Start at the line below containing "#57=FACE_BOUND('',#56,.T.);" and stop at the line containing "#110=DIRECTION('',(0.,1.,0.));". Repeat every line of that stretch exactly, and nothing outside it.

Collected data

□ □ □

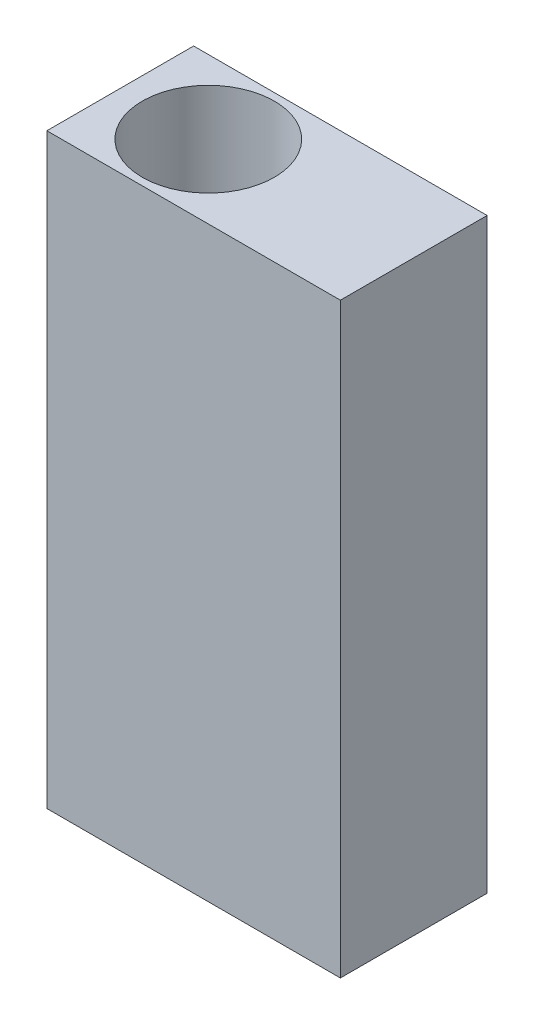
ISO-10303-21;
HEADER;
FILE_DESCRIPTION(('STEP AP214'),'2;1');
FILE_NAME('part.step','',(''),(''),'','','');
FILE_SCHEMA(('AUTOMOTIVE_DESIGN { 1 0 10303 214 1 1 1 1 }'));
ENDSEC;
DATA;
#1=APPLICATION_CONTEXT('core data for automotive mechanical design processes');
#2=APPLICATION_PROTOCOL_DEFINITION('international standard','automotive_design',2000,#1);
#3=PRODUCT_CONTEXT('',#1,'mechanical');
#4=PRODUCT('Part','Part','',(#3));
#5=PRODUCT_RELATED_PRODUCT_CATEGORY('part','',(#4));
#6=PRODUCT_DEFINITION_FORMATION('','',#4);
#7=PRODUCT_DEFINITION_CONTEXT('part definition',#1,'design');
#8=PRODUCT_DEFINITION('design','',#6,#7);
#9=PRODUCT_DEFINITION_SHAPE('','',#8);
#10=(LENGTH_UNIT() NAMED_UNIT(*) SI_UNIT(.MILLI.,.METRE.));
#11=(NAMED_UNIT(*) PLANE_ANGLE_UNIT() SI_UNIT($,.RADIAN.));
#12=(NAMED_UNIT(*) SI_UNIT($,.STERADIAN.) SOLID_ANGLE_UNIT());
#13=UNCERTAINTY_MEASURE_WITH_UNIT(LENGTH_MEASURE(1.E-05),#10,'distance_accuracy_value','');
#14=(GEOMETRIC_REPRESENTATION_CONTEXT(3) GLOBAL_UNCERTAINTY_ASSIGNED_CONTEXT((#13)) GLOBAL_UNIT_ASSIGNED_CONTEXT((#10,
#11,#12)) REPRESENTATION_CONTEXT('',''));
#15=CARTESIAN_POINT('',(0.,0.,0.));
#16=DIRECTION('',(0.,0.,1.));
#17=DIRECTION('',(1.,0.,0.));
#18=AXIS2_PLACEMENT_3D('',#15,#16,#17);
#19=CARTESIAN_POINT('',(0.,40.,0.));
#20=DIRECTION('',(0.,1.,0.));
#21=DIRECTION('',(0.,0.,1.));
#22=AXIS2_PLACEMENT_3D('',#19,#20,#21);
#23=PLANE('',#22);
#24=DIRECTION('',(0.,0.,1.));
#25=VECTOR('',#24,1.);
#26=CARTESIAN_POINT('',(-6.,40.,-5.));
#27=LINE('',#26,#25);
#28=CARTESIAN_POINT('',(-6.,40.,-5.));
#29=VERTEX_POINT('',#28);
#30=CARTESIAN_POINT('',(-6.,40.,5.));
#31=VERTEX_POINT('',#30);
#32=EDGE_CURVE('E85',#29,#31,#27,.T.);
#33=ORIENTED_EDGE('',*,*,#32,.T.);
#34=DIRECTION('',(1.,0.,0.));
#35=VECTOR('',#34,1.);
#36=CARTESIAN_POINT('',(-6.,40.,5.));
#37=LINE('',#36,#35);
#38=CARTESIAN_POINT('',(14.,40.,5.));
#39=VERTEX_POINT('',#38);
#40=EDGE_CURVE('E80',#31,#39,#37,.T.);
#41=ORIENTED_EDGE('',*,*,#40,.T.);
#42=DIRECTION('',(0.,0.,-1.));
#43=VECTOR('',#42,1.);
#44=CARTESIAN_POINT('',(14.,40.,-5.));
#45=LINE('',#44,#43);
#46=CARTESIAN_POINT('',(14.,40.,-5.));
#47=VERTEX_POINT('',#46);
#48=EDGE_CURVE('E83',#39,#47,#45,.T.);
#49=ORIENTED_EDGE('',*,*,#48,.T.);
#50=DIRECTION('',(-1.,0.,0.));
#51=VECTOR('',#50,1.);
#52=CARTESIAN_POINT('',(-6.,40.,-5.));
#53=LINE('',#52,#51);
#54=EDGE_CURVE('E50',#47,#29,#53,.T.);
#55=ORIENTED_EDGE('',*,*,#54,.T.);
#56=EDGE_LOOP('',(#33,#41,#49,#55));
#57=FACE_BOUND('',#56,.T.);
#58=CARTESIAN_POINT('',(0.,40.,0.));
#59=DIRECTION('',(0.,1.,0.));
#60=DIRECTION('',(0.,0.,1.));
#61=AXIS2_PLACEMENT_3D('',#58,#59,#60);
#62=CIRCLE('',#61,4.5);
#63=CARTESIAN_POINT('',(0.,40.,4.5));
#64=VERTEX_POINT('',#63);
#65=EDGE_CURVE('E100',#64,#64,#62,.T.);
#66=ORIENTED_EDGE('',*,*,#65,.F.);
#67=EDGE_LOOP('',(#66));
#68=FACE_BOUND('',#67,.T.);
#69=ADVANCED_FACE('F33',(#57,#68),#23,.T.);
#70=CARTESIAN_POINT('',(0.,0.,0.));
#71=DIRECTION('',(0.,1.,0.));
#72=DIRECTION('',(0.,0.,1.));
#73=AXIS2_PLACEMENT_3D('',#70,#71,#72);
#74=PLANE('',#73);
#75=DIRECTION('',(0.,0.,1.));
#76=VECTOR('',#75,1.);
#77=CARTESIAN_POINT('',(-6.,0.,-5.));
#78=LINE('',#77,#76);
#79=CARTESIAN_POINT('',(-6.,0.,-5.));
#80=VERTEX_POINT('',#79);
#81=CARTESIAN_POINT('',(-6.,0.,5.));
#82=VERTEX_POINT('',#81);
#83=EDGE_CURVE('E97',#80,#82,#78,.T.);
#84=ORIENTED_EDGE('',*,*,#83,.F.);
#85=DIRECTION('',(-1.,0.,0.));
#86=VECTOR('',#85,1.);
#87=CARTESIAN_POINT('',(-6.,0.,-5.));
#88=LINE('',#87,#86);
#89=CARTESIAN_POINT('',(14.,0.,-5.));
#90=VERTEX_POINT('',#89);
#91=EDGE_CURVE('E73',#90,#80,#88,.T.);
#92=ORIENTED_EDGE('',*,*,#91,.F.);
#93=DIRECTION('',(0.,0.,-1.));
#94=VECTOR('',#93,1.);
#95=CARTESIAN_POINT('',(14.,0.,-5.));
#96=LINE('',#95,#94);
#97=CARTESIAN_POINT('',(14.,0.,5.));
#98=VERTEX_POINT('',#97);
#99=EDGE_CURVE('E67',#98,#90,#96,.T.);
#100=ORIENTED_EDGE('',*,*,#99,.F.);
#101=DIRECTION('',(1.,0.,0.));
#102=VECTOR('',#101,1.);
#103=CARTESIAN_POINT('',(-6.,0.,5.));
#104=LINE('',#103,#102);
#105=EDGE_CURVE('E89',#82,#98,#104,.T.);
#106=ORIENTED_EDGE('',*,*,#105,.F.);
#107=EDGE_LOOP('',(#84,#92,#100,#106));
#108=FACE_BOUND('',#107,.T.);
#109=CARTESIAN_POINT('',(0.,0.,0.));
#110=DIRECTION('',(0.,1.,0.));
#111=DIRECTION('',(0.,0.,1.));
#112=AXIS2_PLACEMENT_3D('',#109,#110,#111);
#113=CIRCLE('',#112,4.5);
#114=CARTESIAN_POINT('',(0.,0.,4.5));
#115=VERTEX_POINT('',#114);
#116=EDGE_CURVE('E112',#115,#115,#113,.T.);
#117=ORIENTED_EDGE('',*,*,#116,.T.);
#118=EDGE_LOOP('',(#117));
#119=FACE_BOUND('',#118,.T.);
#120=ADVANCED_FACE('F108',(#108,#119),#74,.F.);
#121=CARTESIAN_POINT('',(-6.,40.,-5.));
#122=DIRECTION('',(1.,0.,0.));
#123=DIRECTION('',(0.,0.,-1.));
#124=AXIS2_PLACEMENT_3D('',#121,#122,#123);
#125=PLANE('',#124);
#126=ORIENTED_EDGE('',*,*,#83,.T.);
#127=DIRECTION('',(0.,-1.,0.));
#128=VECTOR('',#127,1.);
#129=CARTESIAN_POINT('',(-6.,40.,5.));
#130=LINE('',#129,#128);
#131=EDGE_CURVE('E11',#31,#82,#130,.T.);
#132=ORIENTED_EDGE('',*,*,#131,.F.);
#133=ORIENTED_EDGE('',*,*,#32,.F.);
#134=DIRECTION('',(0.,-1.,0.));
#135=VECTOR('',#134,1.);
#136=CARTESIAN_POINT('',(-6.,40.,-5.));
#137=LINE('',#136,#135);
#138=EDGE_CURVE('E93',#29,#80,#137,.T.);
#139=ORIENTED_EDGE('',*,*,#138,.T.);
#140=EDGE_LOOP('',(#126,#132,#133,#139));
#141=FACE_BOUND('',#140,.T.);
#142=ADVANCED_FACE('F35',(#141),#125,.F.);
#143=CARTESIAN_POINT('',(-6.,40.,5.));
#144=DIRECTION('',(0.,0.,-1.));
#145=DIRECTION('',(-1.,0.,0.));
#146=AXIS2_PLACEMENT_3D('',#143,#144,#145);
#147=PLANE('',#146);
#148=ORIENTED_EDGE('',*,*,#105,.T.);
#149=DIRECTION('',(0.,-1.,0.));
#150=VECTOR('',#149,1.);
#151=CARTESIAN_POINT('',(14.,40.,5.));
#152=LINE('',#151,#150);
#153=EDGE_CURVE('E42',#39,#98,#152,.T.);
#154=ORIENTED_EDGE('',*,*,#153,.F.);
#155=ORIENTED_EDGE('',*,*,#40,.F.);
#156=ORIENTED_EDGE('',*,*,#131,.T.);
#157=EDGE_LOOP('',(#148,#154,#155,#156));
#158=FACE_BOUND('',#157,.T.);
#159=ADVANCED_FACE('F88',(#158),#147,.F.);
#160=CARTESIAN_POINT('',(14.,40.,-5.));
#161=DIRECTION('',(-1.,0.,0.));
#162=DIRECTION('',(0.,0.,1.));
#163=AXIS2_PLACEMENT_3D('',#160,#161,#162);
#164=PLANE('',#163);
#165=ORIENTED_EDGE('',*,*,#99,.T.);
#166=DIRECTION('',(0.,-1.,0.));
#167=VECTOR('',#166,1.);
#168=CARTESIAN_POINT('',(14.,40.,-5.));
#169=LINE('',#168,#167);
#170=EDGE_CURVE('E90',#47,#90,#169,.T.);
#171=ORIENTED_EDGE('',*,*,#170,.F.);
#172=ORIENTED_EDGE('',*,*,#48,.F.);
#173=ORIENTED_EDGE('',*,*,#153,.T.);
#174=EDGE_LOOP('',(#165,#171,#172,#173));
#175=FACE_BOUND('',#174,.T.);
#176=ADVANCED_FACE('F91',(#175),#164,.F.);
#177=CARTESIAN_POINT('',(-6.,40.,-5.));
#178=DIRECTION('',(0.,0.,1.));
#179=DIRECTION('',(1.,0.,0.));
#180=AXIS2_PLACEMENT_3D('',#177,#178,#179);
#181=PLANE('',#180);
#182=ORIENTED_EDGE('',*,*,#91,.T.);
#183=ORIENTED_EDGE('',*,*,#138,.F.);
#184=ORIENTED_EDGE('',*,*,#54,.F.);
#185=ORIENTED_EDGE('',*,*,#170,.T.);
#186=EDGE_LOOP('',(#182,#183,#184,#185));
#187=FACE_BOUND('',#186,.T.);
#188=ADVANCED_FACE('F105',(#187),#181,.F.);
#189=CARTESIAN_POINT('',(0.,40.,0.));
#190=DIRECTION('',(0.,-1.,0.));
#191=DIRECTION('',(0.,0.,-1.));
#192=AXIS2_PLACEMENT_3D('',#189,#190,#191);
#193=CYLINDRICAL_SURFACE('',#192,4.5);
#194=ORIENTED_EDGE('',*,*,#65,.T.);
#195=EDGE_LOOP('',(#194));
#196=FACE_BOUND('',#195,.T.);
#197=ORIENTED_EDGE('',*,*,#116,.F.);
#198=EDGE_LOOP('',(#197));
#199=FACE_BOUND('',#198,.T.);
#200=ADVANCED_FACE('F118',(#196,#199),#193,.F.);
#201=CLOSED_SHELL('',(#69,#120,#142,#159,#176,#188,#200));
#202=MANIFOLD_SOLID_BREP('B2',#201);
#203=ADVANCED_BREP_SHAPE_REPRESENTATION('',(#18,#202),#14);
#204=SHAPE_DEFINITION_REPRESENTATION(#9,#203);
ENDSEC;
END-ISO-10303-21;

□ □ □

● Answer for this exercise
#57=FACE_BOUND('',#56,.T.);
#58=CARTESIAN_POINT('',(0.,40.,0.));
#59=DIRECTION('',(0.,1.,0.));
#60=DIRECTION('',(0.,0.,1.));
#61=AXIS2_PLACEMENT_3D('',#58,#59,#60);
#62=CIRCLE('',#61,4.5);
#63=CARTESIAN_POINT('',(0.,40.,4.5));
#64=VERTEX_POINT('',#63);
#65=EDGE_CURVE('E100',#64,#64,#62,.T.);
#66=ORIENTED_EDGE('',*,*,#65,.F.);
#67=EDGE_LOOP('',(#66));
#68=FACE_BOUND('',#67,.T.);
#69=ADVANCED_FACE('F33',(#57,#68),#23,.T.);
#70=CARTESIAN_POINT('',(0.,0.,0.));
#71=DIRECTION('',(0.,1.,0.));
#72=DIRECTION('',(0.,0.,1.));
#73=AXIS2_PLACEMENT_3D('',#70,#71,#72);
#74=PLANE('',#73);
#75=DIRECTION('',(0.,0.,1.));
#76=VECTOR('',#75,1.);
#77=CARTESIAN_POINT('',(-6.,0.,-5.));
#78=LINE('',#77,#76);
#79=CARTESIAN_POINT('',(-6.,0.,-5.));
#80=VERTEX_POINT('',#79);
#81=CARTESIAN_POINT('',(-6.,0.,5.));
#82=VERTEX_POINT('',#81);
#83=EDGE_CURVE('E97',#80,#82,#78,.T.);
#84=ORIENTED_EDGE('',*,*,#83,.F.);
#85=DIRECTION('',(-1.,0.,0.));
#86=VECTOR('',#85,1.);
#87=CARTESIAN_POINT('',(-6.,0.,-5.));
#88=LINE('',#87,#86);
#89=CARTESIAN_POINT('',(14.,0.,-5.));
#90=VERTEX_POINT('',#89);
#91=EDGE_CURVE('E73',#90,#80,#88,.T.);
#92=ORIENTED_EDGE('',*,*,#91,.F.);
#93=DIRECTION('',(0.,0.,-1.));
#94=VECTOR('',#93,1.);
#95=CARTESIAN_POINT('',(14.,0.,-5.));
#96=LINE('',#95,#94);
#97=CARTESIAN_POINT('',(14.,0.,5.));
#98=VERTEX_POINT('',#97);
#99=EDGE_CURVE('E67',#98,#90,#96,.T.);
#100=ORIENTED_EDGE('',*,*,#99,.F.);
#101=DIRECTION('',(1.,0.,0.));
#102=VECTOR('',#101,1.);
#103=CARTESIAN_POINT('',(-6.,0.,5.));
#104=LINE('',#103,#102);
#105=EDGE_CURVE('E89',#82,#98,#104,.T.);
#106=ORIENTED_EDGE('',*,*,#105,.F.);
#107=EDGE_LOOP('',(#84,#92,#100,#106));
#108=FACE_BOUND('',#107,.T.);
#109=CARTESIAN_POINT('',(0.,0.,0.));
#110=DIRECTION('',(0.,1.,0.));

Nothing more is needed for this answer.